Scusa, perché quel "quanto" ? C'è già "come" , no ? Come = quanto = a che punto ...  Mi sembra un'interrogativa indiretta, o sbaglio ?


----------



## infinite sadness

No, non manca nulla: ella disse come (in che modo) l'aveva amato sempre e lui disse quanto (in che misura) l'aveva desiderata da giovinetta.


----------



## elemika

Grazie mille!
Ho controllato il contesto, tutto a posto.
Può darsi che quel "senza saperlo" voglia il congiuntivo?


----------



## olaszinho

Scusate, non avevo letto bene la frase, o non l'avevo ben interpretata; rileggendola trovo l'uso del congiuntivo corretto.


----------



## elemika

Perchè?

Si intende che ella non sapeva che lo avesse amato e lui sapeva che la aveva desiderata da giovinetta?


----------



## olaszinho

L'uso del congiuntivo in frasi del genere è stilisticamente più accurato ed elegante, ciò non significa che utilizzare l'indicativo sia erroneo. Come ha asserito Matoupaschat, dovrebbe trattarsi di un'interrogativa indiretta.
* *


----------



## annapo

elemika said:


> Buona sera!
> Il mio problema è l'uso dei tempi in questa frase:
> 
> _Ella gli disse come sempre, sempre, senza volerlo, senza saperlo, lo avesse amato; e lui quanto da giovinetta la aveva desiderata..._
> 
> Perchè "lo avesse amato" ma "la aveva desiderata"?
> 
> Grazie!


 
Elemika, le due frasi sono perfettamente corrette. Prova a "semplificarne" la struttura eliminando tutti gli incisi:

_Ella gli disse come lo avesse amato_
_e lui (le disse) quanto l'aveva desiderata_

la ragione per cui, malgrado la reggenza verbale sia la stessa (un passato remoto) trovi due tempi verbali diversi è legata ad una sfumatura di significato. 
mi spiego meglio:
_le disse  quanto l'aveva desiderata_
_le disse quanto l'avesse desiderata_
dicono in sostanza la stessa cosa: una persona nel passato ha riferito ad un'altra che, in un tempo anteriore (cioè precedente) a quello in cui si sono parlati, lui l'ha amata.

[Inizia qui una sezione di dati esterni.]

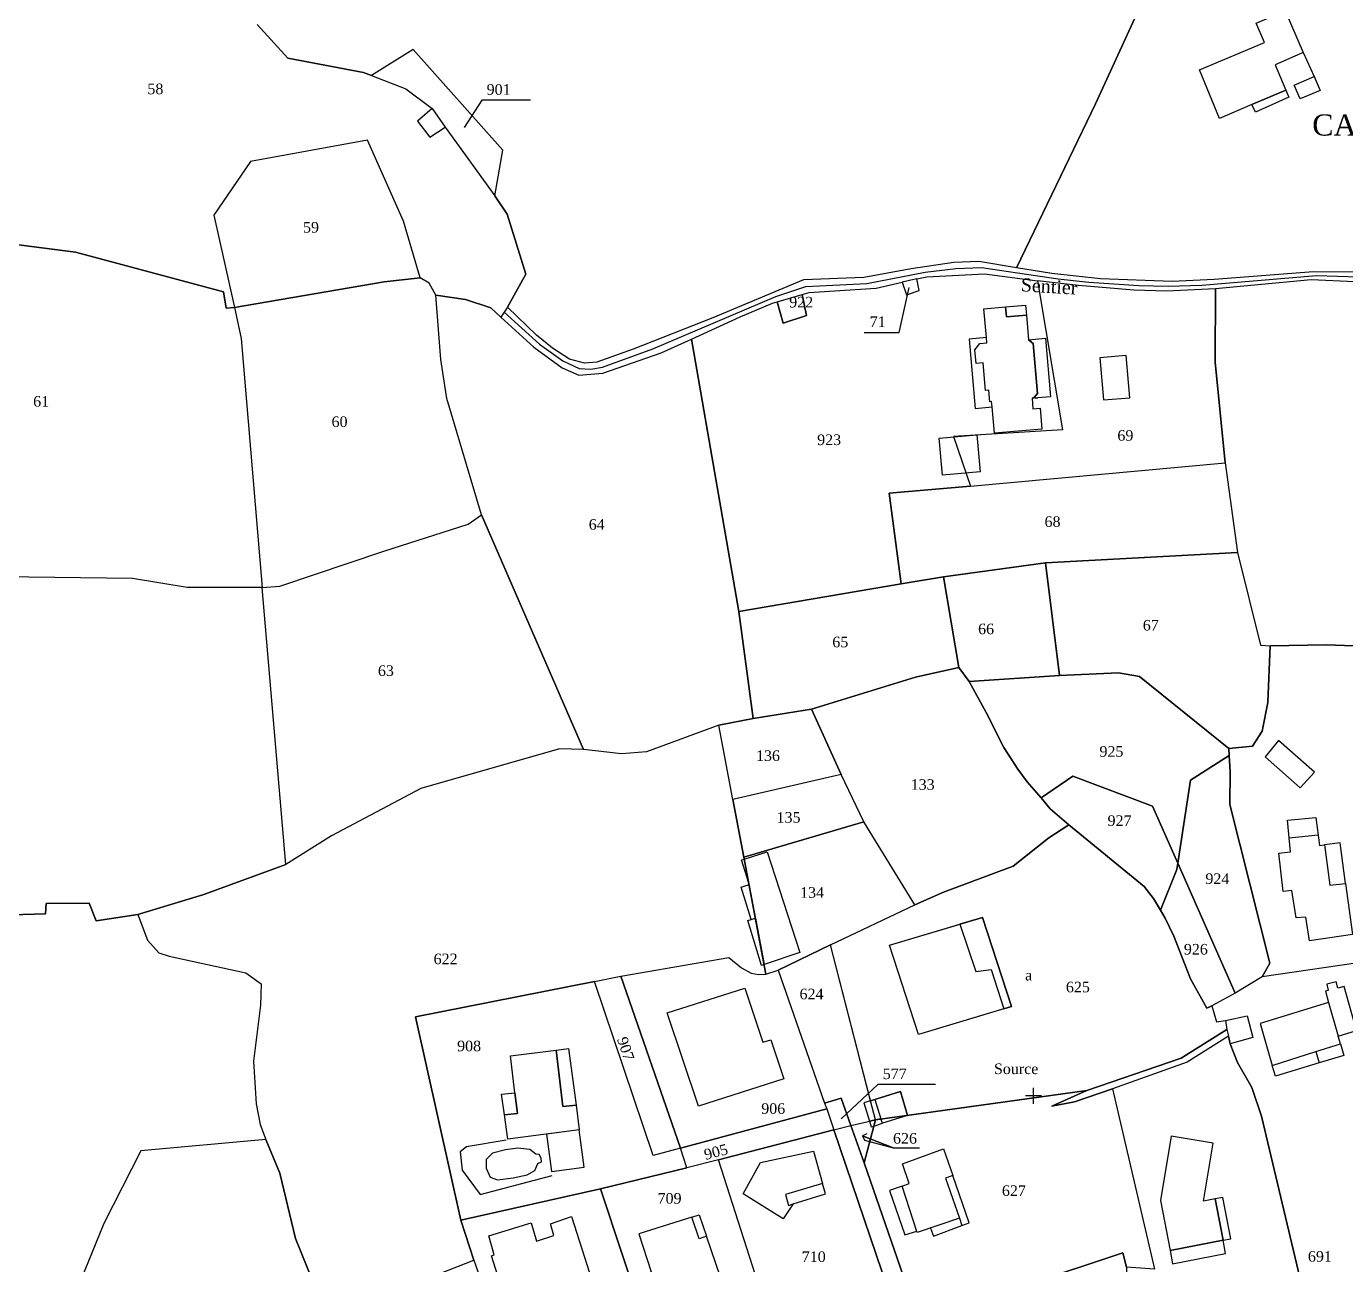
# Model space of a CAD drawing. Extents: x 1205805 to 1207436, y 6154338 to 6158020.
# Drawn here: x 1206856.1 to 1207105.4, y 6154648.7 to 6154882.7 of the extents above; entities that cross this region are included whole.
import ezdxf

# ---------------------------------------------------------------- set-up
doc = ezdxf.new("R2010")
doc.units = 0
doc.linetypes.add('CONTINU', pattern=[0])
doc.layers.get('0').update_dxf_attribs({"linetype": 'CONTINU'})
for name, color, linetype in [('1LIEUDIT', 7, 'CONTINU'), ('1PARCELLE', 7, 'CONTINU'), ('1SUBDFISC', 7, 'CONTINU'), ('1TRONFLUV', 7, 'CONTINU'), ('1TROUSUBDFISC', 7, 'CONTINU'), ('1ZONCOMM', 7, 'CONTINU'), ('3BATIDUR', 7, 'CONTINU'), ('3BATILEGER', 7, 'CONTINU'), ('3CALVAIRE', 7, 'CONTINU'), ('3CALVAIRETEX', 7, 'CONTINU'), ('3FISCLINE', 7, 'CONTINUOUS'), ('3FLECHEPAR', 7, 'CONTINU'), ('3LIEUDITTEX', 7, 'CONTINU'), ('3PARCELLETEX', 7, 'CONTINU'), ('3PISCINE', 7, 'CONTINUOUS'), ('3SUBDFISCTEX', 7, 'CONTINU'), ('3TOPOLINE', 7, 'CONTINU'), ('3ZONCOMMTEX', 7, 'CONTINU')]:
    doc.layers.add(name, color=color, linetype=linetype)
doc.styles.get("Standard").update_dxf_attribs({"font": 'Times New Roman'})

# ---------------------------------------------------------------- blocks, each defined once
blk = doc.blocks.new('DETATOPO')
for points in [[(-1.5, 0), (1.5, 0)], [(0, -1.5), (0, 1.5)]]:
    blk.add_lwpolyline(points)

msp = doc.modelspace()

# ---------------------------------------------------------------- linework, layer by layer
at = {"layer": '1LIEUDIT'}
msp.add_lwpolyline([(1207113.99, 6154765.4), (1207101.77, 6154765.78), (1207091.18, 6154765.62), (1207090.77, 6154754.91), (1207089.68, 6154749.47), (1207087.82, 6154746.68), (1207083.36, 6154746.22), (1207066.51, 6154759.8), (1207062.51, 6154760.54), (1207051.35, 6154760.02), (1207034.28, 6154758.87), (1207032.36, 6154761.55), (1207024.13, 6154759.71), (1207004.48, 6154753.66), (1206993.48, 6154751.87), (1206986.96, 6154750.61), (1206973.33, 6154745.57), (1206968.55, 6154745.18), (1206961.42, 6154746.03), (1206956.84, 6154746.17), (1206930.68, 6154738.66), (1206913.75, 6154729.69), (1206905.14, 6154724.29), (1206889.63, 6154718.64), (1206877.16, 6154714.87), (1206869.27, 6154713.66), (1206867.94, 6154717.01), (1206859.84, 6154716.93), (1206859.7, 6154714.97), (1206851.1, 6154714.7)], dxfattribs=at)
msp.add_lwpolyline([(1207113.99, 6154765.4), (1207101.77, 6154765.78), (1207091.18, 6154765.62), (1207090.77, 6154754.91), (1207089.68, 6154749.47), (1207087.82, 6154746.68), (1207083.36, 6154746.22), (1207066.51, 6154759.8), (1207062.51, 6154760.54), (1207051.35, 6154760.02), (1207034.28, 6154758.87), (1207032.36, 6154761.55), (1207024.13, 6154759.71), (1207004.48, 6154753.66), (1206993.48, 6154751.87), (1206986.96, 6154750.61), (1206973.33, 6154745.57), (1206968.55, 6154745.18), (1206961.42, 6154746.03), (1206956.84, 6154746.17), (1206930.68, 6154738.66), (1206913.75, 6154729.69), (1206905.14, 6154724.29), (1206889.63, 6154718.64), (1206877.16, 6154714.87), (1206869.27, 6154713.66), (1206867.94, 6154717.01), (1206859.84, 6154716.93), (1206859.7, 6154714.97), (1206851.1, 6154714.7)], dxfattribs=at)
at = {"layer": '1PARCELLE'}
for points in [[(1207178.19, 6154903.31), (1207175.6, 6154875.89), (1207174.27, 6154858.61), (1207171.23, 6154857.67), (1207151.11, 6154840.96), (1207151.68, 6154836.88), (1207146.19, 6154835.59), (1207138.8, 6154835.02), (1207128.87, 6154835.11), (1207112.65, 6154836.27), (1207099.37, 6154836.33), (1207080.61, 6154834.86), (1207072.68, 6154834.48), (1207059.09, 6154835.02), (1207059.09, 6154835.02), (1207049.91, 6154835.99), (1207043.25, 6154837.06), (1207058.2, 6154868.06), (1207066.28, 6154885.8)], [(1207066.28, 6154885.8), (1207058.2, 6154868.06), (1207043.25, 6154837.06), (1207036.1, 6154838.29), (1207031.37, 6154838.09), (1207023.34, 6154836.87), (1207014.36, 6154835.21), (1207002.95, 6154834.79), (1206985.82, 6154827.63), (1206970.78, 6154821.67), (1206963.92, 6154819.21), (1206961.61, 6154819.05), (1206958.72, 6154819.81), (1206955.55, 6154821.91), (1206952.54, 6154824.36), (1206947.06, 6154829.65), (1206950.52, 6154835.87), (1206946.99, 6154847.19), (1206944.63, 6154850.7), (1206944.63, 6154850.7), (1206946.13, 6154859.34), (1206929.18, 6154878.32), (1206921.3, 6154873.44), (1206919.79, 6154873.98), (1206905.52, 6154876.68), (1206899.73, 6154883.09)], [(1206899.73, 6154883.09), (1206905.52, 6154876.68), (1206919.79, 6154873.98), (1206921.3, 6154873.44), (1206927.82, 6154870.88), (1206932.78, 6154867.17), (1206935.23, 6154863.64), (1206944.63, 6154850.7), (1206946.99, 6154847.19), (1206950.52, 6154835.87), (1206947.06, 6154829.65), (1206945.77, 6154827.72), (1206943.9, 6154829.53), (1206939.12, 6154831.08), (1206933.5, 6154831.89), (1206932.23, 6154834.18), (1206930.52, 6154835.16), (1206930.52, 6154835.16), (1206927.37, 6154845.9), (1206920.6, 6154861.22), (1206898.46, 6154857.17), (1206891.55, 6154847.04), (1206895.44, 6154829.55), (1206893.87, 6154829.47), (1206893.34, 6154832.53), (1206865.36, 6154840.06), (1206845.27, 6154842.59)], [(1207131.97, 6154833.3), (1207098.96, 6154834.83), (1207080.87, 6154833.11), (1207080.79, 6154819.25), (1207082.65, 6154800.19), (1207085.02, 6154783.26), (1207089.36, 6154765.77), (1207091.18, 6154765.62), (1207101.77, 6154765.78), (1207113.99, 6154765.4)], [(1206851.1, 6154714.7), (1206859.7, 6154714.97), (1206859.84, 6154716.93), (1206867.94, 6154717.01), (1206869.27, 6154713.66), (1206877.16, 6154714.87), (1206889.63, 6154718.64), (1206905.14, 6154724.29), (1206900.68, 6154776.63), (1206886.49, 6154776.63), (1206876.14, 6154778.35), (1206851.65, 6154778.65)], [(1206919.23, 6154641.13), (1206940.7, 6154649.52), (1206938.24, 6154657.09), (1206929.64, 6154695.47), (1206963.45, 6154702.16), (1206968.46, 6154703.18), (1206988.89, 6154706.71), (1206991.27, 6154704.76), (1206993.06, 6154703.77), (1206994.46, 6154703.47), (1206995.89, 6154703.57), (1206991.72, 6154725.67), (1206989.65, 6154736.59), (1206986.96, 6154750.61), (1206973.33, 6154745.57), (1206968.55, 6154745.18), (1206961.42, 6154746.03), (1206956.84, 6154746.17), (1206930.68, 6154738.66), (1206913.75, 6154729.69), (1206905.14, 6154724.29), (1206889.63, 6154718.64), (1206877.16, 6154714.87), (1206877.16, 6154714.87), (1206879, 6154710), (1206881.1, 6154707.58), (1206883.08, 6154706.94), (1206897.6, 6154703.8), (1206900.48, 6154701.76), (1206900.36, 6154697.73), (1206899.01, 6154687.13), (1206899.51, 6154679.06), (1206900.27, 6154675.16), (1206901.35, 6154672.3), (1206903.97, 6154665.92), (1206906.95, 6154653.63), (1206910.28, 6154645.36)], [(1206851.1, 6154714.7), (1206859.7, 6154714.97), (1206859.84, 6154716.93), (1206867.94, 6154717.01), (1206869.27, 6154713.66), (1206877.16, 6154714.87), (1206879, 6154710), (1206881.1, 6154707.58), (1206883.08, 6154706.94), (1206897.6, 6154703.8), (1206900.48, 6154701.76), (1206900.36, 6154697.73), (1206899.01, 6154687.13), (1206899.51, 6154679.06), (1206900.27, 6154675.16), (1206901.35, 6154672.3), (1206877.7, 6154670.2), (1206870.71, 6154656.45), (1206864.96, 6154642.2)], [(1207018.96, 6154643.93), (1207008.72, 6154674.13), (1207011.9, 6154674.99), (1207014.43, 6154667.89), (1207024.17, 6154639.88)], [(1207026.72, 6154638.75), (1207063.35, 6154650.89), (1207064.03, 6154648.19)]]:
    msp.add_lwpolyline(points, dxfattribs=at)
for points in [[(1206944.63, 6154850.7), (1206946.13, 6154859.34), (1206929.18, 6154878.32), (1206921.3, 6154873.44), (1206927.82, 6154870.88), (1206932.78, 6154867.17), (1206935.23, 6154863.64), (1206944.63, 6154850.7)], [(1206930.52, 6154835.16), (1206927.37, 6154845.9), (1206920.6, 6154861.22), (1206898.46, 6154857.17), (1206891.55, 6154847.04), (1206895.44, 6154829.55), (1206923.75, 6154834.42), (1206930.52, 6154835.16)], [(1206895.44, 6154829.55), (1206896.68, 6154823.7), (1206900.68, 6154776.63), (1206886.49, 6154776.63), (1206876.14, 6154778.35), (1206851.65, 6154778.65), (1206831.74, 6154781.85), (1206822.37, 6154785.17), (1206825.01, 6154794.67), (1206825.21, 6154812.03), (1206828.49, 6154825.53), (1206829.04, 6154830.32), (1206829.21, 6154841.79), (1206828.29, 6154845.43), (1206834.03, 6154845.94), (1206837.76, 6154845.09), (1206845.27, 6154842.59), (1206865.36, 6154840.06), (1206893.34, 6154832.53), (1206893.87, 6154829.47), (1206895.44, 6154829.55)], [(1206930.52, 6154835.16), (1206923.75, 6154834.42), (1206895.44, 6154829.55), (1206896.68, 6154823.7), (1206900.68, 6154776.63), (1206904.03, 6154776.92), (1206923.63, 6154783.54), (1206939.61, 6154788.64), (1206942.11, 6154790.38), (1206935.59, 6154812.4), (1206934.44, 6154819.75), (1206933.5, 6154831.89), (1206932.23, 6154834.18), (1206930.52, 6154835.16)], [(1206981.82, 6154823.57), (1206990.98, 6154827.83), (1206997.1, 6154830.37), (1206998.01, 6154830.63), (1206999.12, 6154826.62), (1207003.57, 6154828.03), (1207002.73, 6154832), (1207004.07, 6154832.39), (1207010.8, 6154832.86), (1207016.73, 6154833.22), (1207021.62, 6154834.33), (1207022.44, 6154831.95), (1207024.86, 6154832.78), (1207024.41, 6154835), (1207026.26, 6154835.36), (1207037.19, 6154835.96), (1207047.2, 6154834.6), (1207051.91, 6154806.42), (1207031.31, 6154805.2), (1207034.55, 6154795.83), (1207019.19, 6154794.5), (1207021.47, 6154777.37), (1206990.78, 6154772.12), (1206981.82, 6154823.57)], [(1207021.62, 6154834.33), (1207022.44, 6154831.95), (1207024.86, 6154832.78), (1207024.41, 6154835), (1207021.62, 6154834.33)], [(1207082.65, 6154800.19), (1207080.79, 6154819.25), (1207080.87, 6154833.11), (1207071.59, 6154832.64), (1207065.42, 6154832.85), (1207054.94, 6154833.71), (1207047.2, 6154834.6), (1207051.91, 6154806.42), (1207031.31, 6154805.2), (1207034.55, 6154795.83), (1207082.65, 6154800.19)], [(1206986.96, 6154750.61), (1206973.33, 6154745.57), (1206968.55, 6154745.18), (1206961.42, 6154746.03), (1206942.11, 6154790.38), (1206935.59, 6154812.4), (1206934.44, 6154819.75), (1206933.5, 6154831.89), (1206939.12, 6154831.08), (1206943.9, 6154829.53), (1206945.77, 6154827.72), (1206952.04, 6154822.09), (1206957.39, 6154818.19), (1206960.52, 6154816.75), (1206965.03, 6154817.15), (1206976.05, 6154821.02), (1206981.82, 6154823.57), (1206990.78, 6154772.12), (1206993.48, 6154751.87), (1206986.96, 6154750.61)], [(1206998.01, 6154830.63), (1207002.73, 6154832), (1207003.57, 6154828.03), (1206999.12, 6154826.62), (1206998.01, 6154830.63)], [(1207029.47, 6154778.64), (1207021.47, 6154777.37), (1207019.19, 6154794.5), (1207034.55, 6154795.83), (1207082.65, 6154800.19), (1207085.02, 6154783.26), (1207048.73, 6154781.3), (1207029.47, 6154778.64)], [(1206961.42, 6154746.03), (1206956.84, 6154746.17), (1206930.68, 6154738.66), (1206913.75, 6154729.69), (1206905.14, 6154724.29), (1206900.68, 6154776.63), (1206904.03, 6154776.92), (1206923.63, 6154783.54), (1206939.61, 6154788.64), (1206942.11, 6154790.38), (1206961.42, 6154746.03)], [(1207091.18, 6154765.62), (1207090.77, 6154754.91), (1207089.68, 6154749.47), (1207087.82, 6154746.68), (1207083.36, 6154746.22), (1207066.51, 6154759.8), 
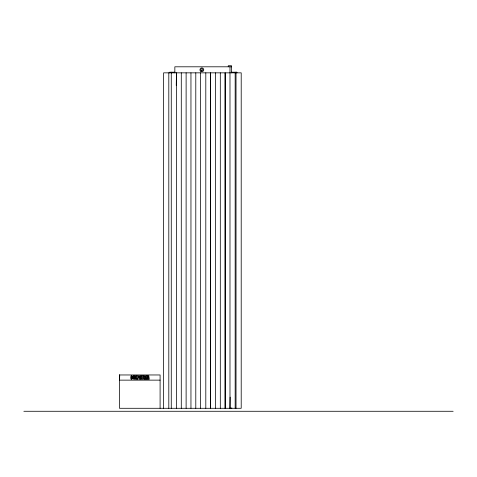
<?xml version="1.0" encoding="UTF-8"?>
<svg xmlns="http://www.w3.org/2000/svg" width="477" height="477" viewBox="0 0 477 477"><rect width="100%" height="100%" fill="white"/><g stroke="black" fill="none" stroke-linecap="round" stroke-linejoin="round"><path stroke-width="0.72" d="M160.093 408.288L160.093 374.964L119.5 374.964L119.477 380.139L160.093 380.139M176.251 85.49L176.448 72.844L176.448 408.288M231.923 408.044L229.986 408.288L230.152 397.132M235.161 72.844L236.878 72.194L236.878 72.844M170.027 72.522L168.804 72.844L168.804 408.288M231.536 66.804L174.844 66.804L174.844 72.844M174.97 72.194L169.669 72.194L169.669 72.844M231.464 72.194L236.878 72.194M23.85 411.275L453.15 411.275M171.267 72.194L171.69 72.844M236.026 72.844L236.026 408.288M235.161 72.194L235.161 408.288M231.536 72.844L231.536 65.725L228.256 65.725L228.256 66.804M229.986 66.804L229.986 408.288M220.308 72.844L220.314 408.288M215.479 72.844L215.479 408.288M205.802 72.844L205.808 408.288M200.62 72.844L200.62 408.288M195.791 72.844L195.791 408.288M190.955 72.844L190.955 408.288M186.119 72.844L186.119 408.288M181.284 72.844L181.284 408.288M171.267 72.421L171.267 408.288M163.623 408.288L163.623 72.844L241.207 72.844L241.207 408.288L119.477 408.288L119.5 374.964M132.815 377.957C129.696 383.597 130.388 370.969 132.815 377.253L131.92 377.253C131.61 373.902 131.521 380.89 131.92 377.82L132.815 377.957M134.019 376.425L134.15 378.696L134.019 376.425M139.123 377.021L138.956 377.635L138.086 377.814L138.086 379.203L137.185 379.203L137.185 375.751L138.831 375.882L139.123 377.021M145.616 376.693C144.948 377.659 145.873 377.712 145.616 379.203L144.781 379.203L144.513 377.647L144.513 379.203L143.613 379.203L143.613 375.751L145.312 375.888L145.616 376.693M138.372 376.913C137.901 378.017 138.27 375.333 138.372 376.913M144.781 376.8C144.4 377.844 144.62 375.488 144.781 376.8M140.16 378.583L140.107 379.203L139.177 379.203L139.636 375.751L140.93 375.751L141.448 379.203L140.53 379.203L140.16 378.583M148.001 378.583L147.948 379.203L147.017 379.203L147.476 375.751L148.776 375.751L149.289 379.203L148.371 379.203L148.001 378.583M140.321 376.52L140.149 377.975L140.459 377.975L140.321 376.52M148.162 376.52L147.989 377.975L148.299 377.975L148.162 376.52M133.876 375.703L133.638 375.775A0.823 0.823 0 0 0 133.137 376.448A19.742 19.742 0 0 0 133.137 378.523L133.655 379.185L134.663 379.179A0.823 0.823 0 0 0 135.164 378.511A19.742 19.742 0 0 0 135.164 376.436L134.848 375.882L133.876 375.703M136.422 375.751L135.528 375.751L135.528 379.203L136.971 379.203L136.971 378.517L136.422 378.517L136.422 375.751M143.41 375.751L141.442 375.751L141.442 376.442L141.979 376.442L141.979 379.203L142.873 379.203L142.873 376.442L143.41 376.442L143.41 375.751M146.862 375.751L145.962 375.751L145.962 379.203L146.862 379.203L146.862 375.751M119.673 377.182L119.667 374.964L119.667 377.182M225.15 408.288L225.15 72.844L225.144 408.288M210.643 408.288L210.643 72.844L210.637 408.288M200.895 71.455A1.902 1.902 0 0 0 203.745 69.815A1.902 1.902 0 0 0 200.895 68.169A1.902 1.902 0 0 0 200.895 71.455M201.33 70.709A1.037 1.037 0 0 0 202.88 69.815A1.037 1.037 0 0 0 201.33 68.915A1.037 1.037 0 0 0 201.33 70.709"/></g></svg>

Con l'indicativo, però, sottolineo la concretezza dell'azione. 

Non si tratta di interrogative, ma di discorsi indiretti.


----------



## matoupaschat

annapo said:


> Non si tratta di interrogative, ma di discorsi indiretti.


 
Esatto . Un'interrogativa indiretta non può essere introdotta da dire .


----------



## elemika

annapo said:


> mi spiego meglio:
> _le disse  quanto l'aveva desiderata_
> _le disse quanto l'avesse desiderata_
> dicono in sostanza la stessa cosa: una persona nel passato ha riferito ad un'altra che, in un tempo anteriore (cioè precedente) a quello in cui si sono parlati, lui l'ha amata.
> 
> Con l'indicativo, però, sottolineo la concretezza dell'azione.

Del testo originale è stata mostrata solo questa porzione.